Task objective:
An exact reproduction of the records is required, with all images left out.

######

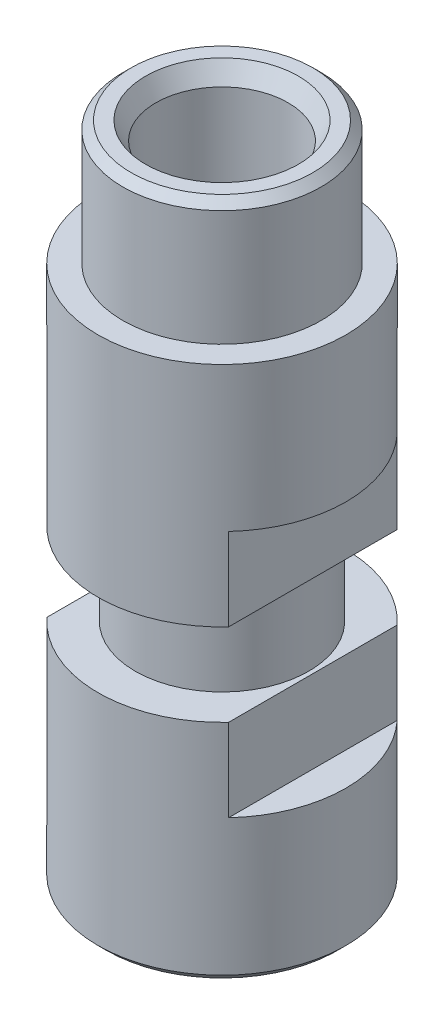
from build123d import *

# Parameters (mm, degrees)
CHAFL_N4_SIZE              = 0.2
CHAFL_N5_SIZE              = 0.25
CHAFL_N5_SIZE2             = 0.433012702
CORTAR_EXTRUIR2_DEPTH      = 17.552945357
CORTAR_EXTRUIR2_DEPTH_BACK = 17.552945357
CROQUIS4_W                 = 0.8
CROQUIS4_H                 = 6


with BuildPart() as part:
    # Croquis3 → Revolución1 (revolve)
    with BuildSketch(Plane.XY, mode=Mode.PRIVATE) as revoluci_n1_sk:
        Polygon((-1.6, 0), (-1.6, 16), (-2.4, 16), (-2.4, 13), (-3, 13), (-3, 7.5), (-2.1, 7.5), (-2.1, 5.5), (-3, 5.5), (-3, 0), align=None)
    revolve(revoluci_n1_sk.sketch.rotate(Axis((0, 0, 0), (0, 1, 0)), 270), axis=Axis((0, 0, 0), (0, 1, 0)))

    # Chaflán4
    chafl_n4_edges = [part.edges().sort_by_distance(p)[0] for p in [
        (0, 16, 2.4),
        (0, 0, 3),
    ]]
    chamfer(chafl_n4_edges, length=CHAFL_N4_SIZE)

    # Chaflán5
    chafl_n5_edges = [part.edges().sort_by_distance(p)[0] for p in [
        (0, 16, 1.6),
    ]]
    chafl_n5_side = [part.faces().sort_by_distance(p)[0] for p in [
        (0, 16, 2.137774603),
    ]]
    chamfer(chafl_n5_edges, length=CHAFL_N5_SIZE, length2=CHAFL_N5_SIZE2, reference=chafl_n5_side[0])

    # Croquis4 → Cortar-Extruir2 (cut, two sides: drawn at the far end of the back side and taken through both)
    with BuildSketch(Plane.XY.offset(-CORTAR_EXTRUIR2_DEPTH_BACK)):
        with Locations((-2.6, 6.5)):
            Rectangle(CROQUIS4_W, CROQUIS4_H)
        with Locations((2.6, 6.5)):
            Rectangle(CROQUIS4_W, CROQUIS4_H)
    extrude(amount=CORTAR_EXTRUIR2_DEPTH + CORTAR_EXTRUIR2_DEPTH_BACK, mode=Mode.SUBTRACT)


solid = part.part

######

Exercise response:
from build123d import *

# Parameters (mm, degrees)
CHAFL_N4_SIZE              = 0.2
CHAFL_N5_SIZE              = 0.25
CHAFL_N5_SIZE2             = 0.433012702
CORTAR_EXTRUIR2_DEPTH      = 17.552945357
CORTAR_EXTRUIR2_DEPTH_BACK = 17.552945357
CROQUIS4_W                 = 0.8
CROQUIS4_H                 = 6


with BuildPart() as part:
    # Croquis3 → Revolución1 (revolve)
    with BuildSketch(Plane.XY, mode=Mode.PRIVATE) as revoluci_n1_sk:
        Polygon((-1.6, 0), (-1.6, 16), (-2.4, 16), (-2.4, 13), (-3, 13), (-3, 7.5), (-2.1, 7.5), (-2.1, 5.5), (-3, 5.5), (-3, 0), align=None)
    revolve(revoluci_n1_sk.sketch.rotate(Axis((0, 0, 0), (0, 1, 0)), 270), axis=Axis((0, 0, 0), (0, 1, 0)))

    # Chaflán4
    chafl_n4_edges = [part.edges().sort_by_distance(p)[0] for p in [
        (0, 16, 2.4),
        (0, 0, 3),
    ]]
    chamfer(chafl_n4_edges, length=CHAFL_N4_SIZE)

    # Chaflán5
    chafl_n5_edges = [part.edges().sort_by_distance(p)[0] for p in [
        (0, 16, 1.6),
    ]]
    chafl_n5_side = [part.faces().sort_by_distance(p)[0] for p in [
        (0, 16, 2.137774603),
    ]]
    chamfer(chafl_n5_edges, length=CHAFL_N5_SIZE, length2=CHAFL_N5_SIZE2, reference=chafl_n5_side[0])

    # Croquis4 → Cortar-Extruir2 (cut, two sides: drawn at the far end of the back side and taken through both)
    with BuildSketch(Plane.XY.offset(-CORTAR_EXTRUIR2_DEPTH_BACK)):
        with Locations((-2.6, 6.5)):
            Rectangle(CROQUIS4_W, CROQUIS4_H)
        with Locations((2.6, 6.5)):
            Rectangle(CROQUIS4_W, CROQUIS4_H)
    extrude(amount=CORTAR_EXTRUIR2_DEPTH + CORTAR_EXTRUIR2_DEPTH_BACK, mode=Mode.SUBTRACT)


solid = part.part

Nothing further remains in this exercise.